§ TASK PROMPT
Reproduce the entries below exactly, but only from the line containing "#121=ORIENTED_EDGE('',*,*,#120,.T.);" to the line containing "#130=DIRECTION('',(0.,-1.,0.));", inclusive.

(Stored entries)
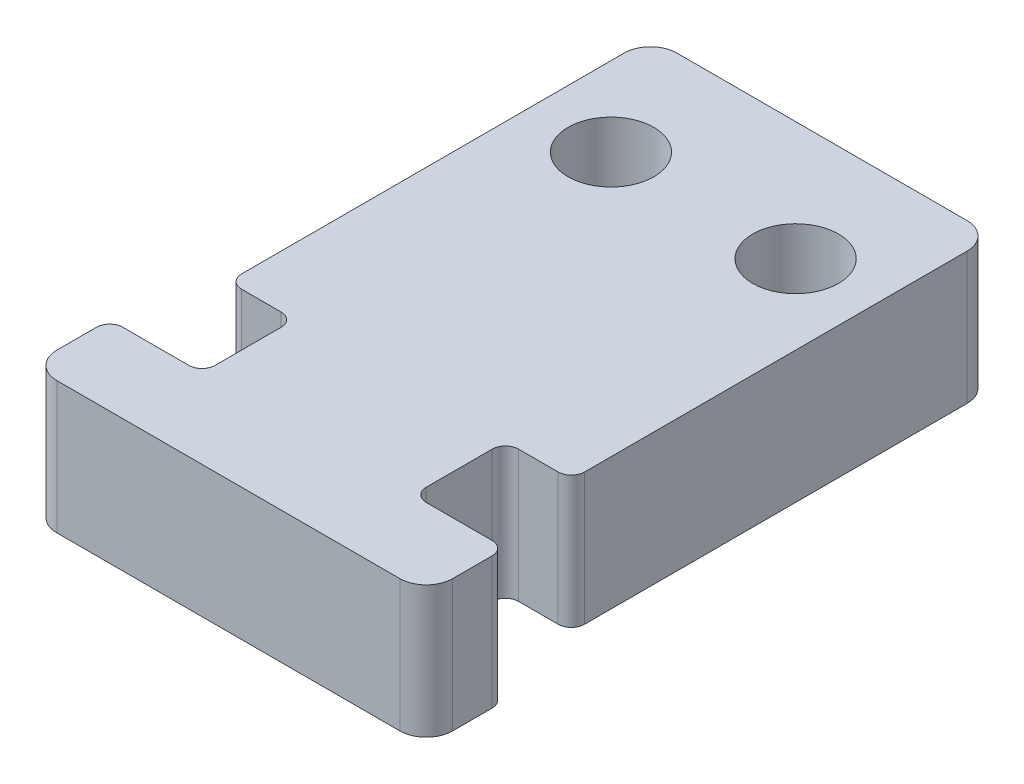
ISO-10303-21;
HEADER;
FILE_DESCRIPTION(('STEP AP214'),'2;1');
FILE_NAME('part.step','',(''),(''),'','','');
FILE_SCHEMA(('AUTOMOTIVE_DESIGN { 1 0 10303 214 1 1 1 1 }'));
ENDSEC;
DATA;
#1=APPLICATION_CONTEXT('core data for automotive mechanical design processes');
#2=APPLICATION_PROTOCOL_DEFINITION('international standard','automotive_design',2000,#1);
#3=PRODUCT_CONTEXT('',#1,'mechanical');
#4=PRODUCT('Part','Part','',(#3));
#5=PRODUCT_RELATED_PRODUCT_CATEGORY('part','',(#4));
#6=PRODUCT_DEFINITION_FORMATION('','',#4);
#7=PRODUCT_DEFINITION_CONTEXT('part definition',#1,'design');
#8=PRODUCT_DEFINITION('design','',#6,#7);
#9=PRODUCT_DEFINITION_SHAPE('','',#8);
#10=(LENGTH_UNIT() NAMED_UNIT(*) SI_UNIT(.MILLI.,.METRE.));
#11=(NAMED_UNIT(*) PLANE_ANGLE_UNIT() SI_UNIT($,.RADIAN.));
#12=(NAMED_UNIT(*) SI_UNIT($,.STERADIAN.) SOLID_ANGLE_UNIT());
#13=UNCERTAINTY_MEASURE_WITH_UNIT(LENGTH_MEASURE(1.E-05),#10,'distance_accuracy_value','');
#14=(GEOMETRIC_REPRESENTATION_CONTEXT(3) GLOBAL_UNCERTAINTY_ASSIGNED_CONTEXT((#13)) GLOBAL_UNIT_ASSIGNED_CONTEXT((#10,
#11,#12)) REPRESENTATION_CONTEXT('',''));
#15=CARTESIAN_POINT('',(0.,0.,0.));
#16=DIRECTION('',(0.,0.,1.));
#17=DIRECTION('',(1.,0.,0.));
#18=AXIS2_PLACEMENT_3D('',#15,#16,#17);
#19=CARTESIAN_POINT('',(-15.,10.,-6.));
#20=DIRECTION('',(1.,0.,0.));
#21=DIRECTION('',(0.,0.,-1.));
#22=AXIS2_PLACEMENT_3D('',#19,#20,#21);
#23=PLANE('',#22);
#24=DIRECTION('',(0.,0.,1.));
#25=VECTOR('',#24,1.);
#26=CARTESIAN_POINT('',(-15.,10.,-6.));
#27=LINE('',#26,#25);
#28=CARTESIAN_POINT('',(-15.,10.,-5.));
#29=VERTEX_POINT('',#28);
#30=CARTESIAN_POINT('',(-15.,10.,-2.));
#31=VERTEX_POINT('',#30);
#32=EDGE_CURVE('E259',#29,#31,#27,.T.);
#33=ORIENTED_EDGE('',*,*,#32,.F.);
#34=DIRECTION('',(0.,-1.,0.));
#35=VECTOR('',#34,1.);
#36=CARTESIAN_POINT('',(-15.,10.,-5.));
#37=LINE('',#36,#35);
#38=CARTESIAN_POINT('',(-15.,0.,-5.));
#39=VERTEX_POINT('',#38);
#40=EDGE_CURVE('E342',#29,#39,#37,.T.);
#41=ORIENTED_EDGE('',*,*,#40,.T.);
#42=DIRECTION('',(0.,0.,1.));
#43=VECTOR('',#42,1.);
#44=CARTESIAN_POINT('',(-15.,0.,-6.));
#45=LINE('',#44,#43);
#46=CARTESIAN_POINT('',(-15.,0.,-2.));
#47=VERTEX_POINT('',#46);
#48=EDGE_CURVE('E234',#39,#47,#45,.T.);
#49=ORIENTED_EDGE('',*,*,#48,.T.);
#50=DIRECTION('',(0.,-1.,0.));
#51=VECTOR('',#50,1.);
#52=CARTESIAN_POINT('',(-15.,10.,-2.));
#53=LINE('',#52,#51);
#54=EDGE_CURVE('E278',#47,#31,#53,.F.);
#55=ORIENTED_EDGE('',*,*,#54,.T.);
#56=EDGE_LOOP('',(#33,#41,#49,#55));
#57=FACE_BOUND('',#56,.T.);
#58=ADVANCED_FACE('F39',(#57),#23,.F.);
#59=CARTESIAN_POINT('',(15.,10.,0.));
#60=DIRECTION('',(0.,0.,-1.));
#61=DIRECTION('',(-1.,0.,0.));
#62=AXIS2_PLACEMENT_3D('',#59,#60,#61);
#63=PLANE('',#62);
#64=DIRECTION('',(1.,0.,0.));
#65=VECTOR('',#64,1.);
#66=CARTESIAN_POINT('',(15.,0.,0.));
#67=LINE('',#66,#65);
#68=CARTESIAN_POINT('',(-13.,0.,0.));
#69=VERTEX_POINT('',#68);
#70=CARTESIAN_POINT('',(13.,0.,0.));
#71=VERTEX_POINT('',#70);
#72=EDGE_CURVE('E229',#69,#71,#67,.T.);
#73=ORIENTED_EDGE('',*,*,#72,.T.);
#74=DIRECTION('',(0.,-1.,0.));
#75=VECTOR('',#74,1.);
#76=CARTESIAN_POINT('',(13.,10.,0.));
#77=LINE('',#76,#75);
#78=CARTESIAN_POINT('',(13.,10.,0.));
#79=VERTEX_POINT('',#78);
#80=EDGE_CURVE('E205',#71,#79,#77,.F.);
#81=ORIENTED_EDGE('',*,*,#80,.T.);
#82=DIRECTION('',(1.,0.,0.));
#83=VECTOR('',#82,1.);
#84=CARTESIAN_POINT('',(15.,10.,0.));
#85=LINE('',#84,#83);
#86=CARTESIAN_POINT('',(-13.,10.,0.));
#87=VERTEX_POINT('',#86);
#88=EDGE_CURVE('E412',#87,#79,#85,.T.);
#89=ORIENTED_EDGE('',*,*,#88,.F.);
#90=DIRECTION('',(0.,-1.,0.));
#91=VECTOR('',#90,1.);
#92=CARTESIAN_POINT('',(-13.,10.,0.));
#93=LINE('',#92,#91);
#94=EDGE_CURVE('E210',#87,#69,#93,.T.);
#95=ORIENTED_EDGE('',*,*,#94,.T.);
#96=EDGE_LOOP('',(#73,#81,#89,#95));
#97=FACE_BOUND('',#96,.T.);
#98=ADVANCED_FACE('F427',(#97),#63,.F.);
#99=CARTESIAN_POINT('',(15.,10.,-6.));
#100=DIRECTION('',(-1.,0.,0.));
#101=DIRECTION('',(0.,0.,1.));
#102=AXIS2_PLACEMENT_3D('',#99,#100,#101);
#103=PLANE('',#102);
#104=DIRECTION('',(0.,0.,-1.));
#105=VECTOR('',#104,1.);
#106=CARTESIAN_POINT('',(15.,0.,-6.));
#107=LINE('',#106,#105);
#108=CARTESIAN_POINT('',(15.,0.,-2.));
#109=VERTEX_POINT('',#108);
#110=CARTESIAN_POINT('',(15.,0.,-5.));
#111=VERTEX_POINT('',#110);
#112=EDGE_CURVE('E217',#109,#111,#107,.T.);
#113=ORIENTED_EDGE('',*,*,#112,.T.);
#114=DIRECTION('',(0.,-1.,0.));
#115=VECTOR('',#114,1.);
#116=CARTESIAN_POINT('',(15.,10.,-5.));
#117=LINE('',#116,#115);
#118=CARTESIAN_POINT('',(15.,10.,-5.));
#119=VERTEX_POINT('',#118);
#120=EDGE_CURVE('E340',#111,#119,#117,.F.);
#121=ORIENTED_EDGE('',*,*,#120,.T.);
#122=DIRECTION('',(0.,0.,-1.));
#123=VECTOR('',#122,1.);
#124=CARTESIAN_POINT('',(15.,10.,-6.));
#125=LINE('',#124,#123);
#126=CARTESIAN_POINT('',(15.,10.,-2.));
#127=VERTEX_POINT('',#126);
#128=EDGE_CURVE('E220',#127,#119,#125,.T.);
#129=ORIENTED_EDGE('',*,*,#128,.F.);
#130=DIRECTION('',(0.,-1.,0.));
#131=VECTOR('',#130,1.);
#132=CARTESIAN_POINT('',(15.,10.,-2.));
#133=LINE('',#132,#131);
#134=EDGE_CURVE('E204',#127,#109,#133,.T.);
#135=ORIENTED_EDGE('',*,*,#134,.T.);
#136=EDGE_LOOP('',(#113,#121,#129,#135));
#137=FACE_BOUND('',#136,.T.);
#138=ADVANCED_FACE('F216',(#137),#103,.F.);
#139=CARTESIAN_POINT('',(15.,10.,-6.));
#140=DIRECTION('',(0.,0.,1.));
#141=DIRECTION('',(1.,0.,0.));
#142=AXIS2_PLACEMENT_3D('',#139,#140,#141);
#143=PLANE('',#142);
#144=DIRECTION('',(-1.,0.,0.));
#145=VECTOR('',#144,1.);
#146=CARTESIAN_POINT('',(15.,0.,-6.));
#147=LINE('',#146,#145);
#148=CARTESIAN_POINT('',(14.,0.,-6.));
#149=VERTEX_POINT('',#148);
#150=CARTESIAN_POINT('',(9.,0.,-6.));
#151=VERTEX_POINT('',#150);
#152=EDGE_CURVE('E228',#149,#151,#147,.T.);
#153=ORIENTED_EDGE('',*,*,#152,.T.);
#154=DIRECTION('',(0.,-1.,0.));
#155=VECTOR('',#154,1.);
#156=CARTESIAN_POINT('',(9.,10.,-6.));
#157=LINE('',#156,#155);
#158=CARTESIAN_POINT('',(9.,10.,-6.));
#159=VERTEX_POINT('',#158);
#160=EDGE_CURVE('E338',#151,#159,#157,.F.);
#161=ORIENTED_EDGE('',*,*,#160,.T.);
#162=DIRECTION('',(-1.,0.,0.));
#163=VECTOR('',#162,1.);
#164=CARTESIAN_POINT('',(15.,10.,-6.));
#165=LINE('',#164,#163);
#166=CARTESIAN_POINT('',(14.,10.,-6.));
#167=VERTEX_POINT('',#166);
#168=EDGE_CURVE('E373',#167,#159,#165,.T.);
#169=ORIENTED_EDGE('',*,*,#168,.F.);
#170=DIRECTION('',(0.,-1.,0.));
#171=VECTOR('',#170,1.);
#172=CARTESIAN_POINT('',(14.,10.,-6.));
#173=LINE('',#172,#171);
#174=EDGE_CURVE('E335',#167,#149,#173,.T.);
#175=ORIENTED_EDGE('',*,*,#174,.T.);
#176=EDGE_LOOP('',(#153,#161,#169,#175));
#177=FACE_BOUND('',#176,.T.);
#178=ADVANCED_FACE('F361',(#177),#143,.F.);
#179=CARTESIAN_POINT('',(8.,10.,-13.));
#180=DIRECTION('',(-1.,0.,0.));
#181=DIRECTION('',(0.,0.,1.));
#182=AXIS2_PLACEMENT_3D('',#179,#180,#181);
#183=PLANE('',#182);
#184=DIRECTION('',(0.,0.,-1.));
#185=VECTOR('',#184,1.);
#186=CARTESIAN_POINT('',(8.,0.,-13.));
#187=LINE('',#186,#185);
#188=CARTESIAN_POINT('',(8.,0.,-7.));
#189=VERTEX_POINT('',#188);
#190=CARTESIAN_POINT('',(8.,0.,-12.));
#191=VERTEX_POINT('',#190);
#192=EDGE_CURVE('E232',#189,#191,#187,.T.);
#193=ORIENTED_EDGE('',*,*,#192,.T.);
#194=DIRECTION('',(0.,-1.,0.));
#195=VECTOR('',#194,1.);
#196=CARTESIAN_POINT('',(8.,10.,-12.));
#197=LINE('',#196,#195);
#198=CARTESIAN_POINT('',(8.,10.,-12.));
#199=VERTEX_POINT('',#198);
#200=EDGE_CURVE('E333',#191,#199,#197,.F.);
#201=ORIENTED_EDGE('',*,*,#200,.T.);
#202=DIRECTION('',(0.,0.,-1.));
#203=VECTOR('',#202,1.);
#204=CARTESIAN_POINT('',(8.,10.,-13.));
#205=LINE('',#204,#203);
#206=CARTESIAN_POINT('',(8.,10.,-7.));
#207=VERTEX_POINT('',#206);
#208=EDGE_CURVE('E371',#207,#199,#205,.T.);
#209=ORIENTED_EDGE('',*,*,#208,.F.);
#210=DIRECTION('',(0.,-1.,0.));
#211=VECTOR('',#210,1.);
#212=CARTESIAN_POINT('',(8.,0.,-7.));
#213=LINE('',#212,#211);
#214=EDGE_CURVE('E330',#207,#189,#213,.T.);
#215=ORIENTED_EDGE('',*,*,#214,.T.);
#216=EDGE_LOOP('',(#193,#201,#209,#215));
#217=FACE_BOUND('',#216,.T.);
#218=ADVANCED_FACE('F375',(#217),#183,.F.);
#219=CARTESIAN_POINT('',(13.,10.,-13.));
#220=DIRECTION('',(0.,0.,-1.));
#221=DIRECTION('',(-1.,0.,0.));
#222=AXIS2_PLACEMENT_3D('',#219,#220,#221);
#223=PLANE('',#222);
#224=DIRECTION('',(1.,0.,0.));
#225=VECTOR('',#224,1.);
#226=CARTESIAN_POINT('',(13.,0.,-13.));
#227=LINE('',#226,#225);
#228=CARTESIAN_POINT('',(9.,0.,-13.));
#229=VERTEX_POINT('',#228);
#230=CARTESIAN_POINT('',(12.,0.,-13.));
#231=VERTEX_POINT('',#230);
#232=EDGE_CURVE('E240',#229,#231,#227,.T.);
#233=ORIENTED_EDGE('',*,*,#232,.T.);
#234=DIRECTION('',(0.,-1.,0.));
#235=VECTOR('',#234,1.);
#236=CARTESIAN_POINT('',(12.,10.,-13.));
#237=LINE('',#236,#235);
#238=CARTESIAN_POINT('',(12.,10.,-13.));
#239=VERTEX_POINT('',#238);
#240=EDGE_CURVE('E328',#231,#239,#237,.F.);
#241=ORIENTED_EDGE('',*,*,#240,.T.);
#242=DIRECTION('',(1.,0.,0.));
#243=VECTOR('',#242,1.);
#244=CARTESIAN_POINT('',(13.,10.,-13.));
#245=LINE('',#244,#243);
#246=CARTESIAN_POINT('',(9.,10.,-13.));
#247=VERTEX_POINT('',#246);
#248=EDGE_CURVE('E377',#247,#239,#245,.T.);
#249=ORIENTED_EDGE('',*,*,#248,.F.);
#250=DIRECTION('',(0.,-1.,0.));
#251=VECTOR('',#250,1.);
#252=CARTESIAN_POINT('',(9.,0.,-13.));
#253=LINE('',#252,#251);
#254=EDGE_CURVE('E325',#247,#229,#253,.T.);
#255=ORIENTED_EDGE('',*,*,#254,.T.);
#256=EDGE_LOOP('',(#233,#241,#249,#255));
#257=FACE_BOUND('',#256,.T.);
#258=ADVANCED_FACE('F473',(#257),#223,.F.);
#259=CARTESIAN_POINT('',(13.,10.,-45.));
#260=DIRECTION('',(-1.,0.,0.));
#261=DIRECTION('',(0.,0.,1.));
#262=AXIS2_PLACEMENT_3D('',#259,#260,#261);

§ ANSWER FOR THE TASK
#121=ORIENTED_EDGE('',*,*,#120,.T.);
#122=DIRECTION('',(0.,0.,-1.));
#123=VECTOR('',#122,1.);
#124=CARTESIAN_POINT('',(15.,10.,-6.));
#125=LINE('',#124,#123);
#126=CARTESIAN_POINT('',(15.,10.,-2.));
#127=VERTEX_POINT('',#126);
#128=EDGE_CURVE('E220',#127,#119,#125,.T.);
#129=ORIENTED_EDGE('',*,*,#128,.F.);
#130=DIRECTION('',(0.,-1.,0.));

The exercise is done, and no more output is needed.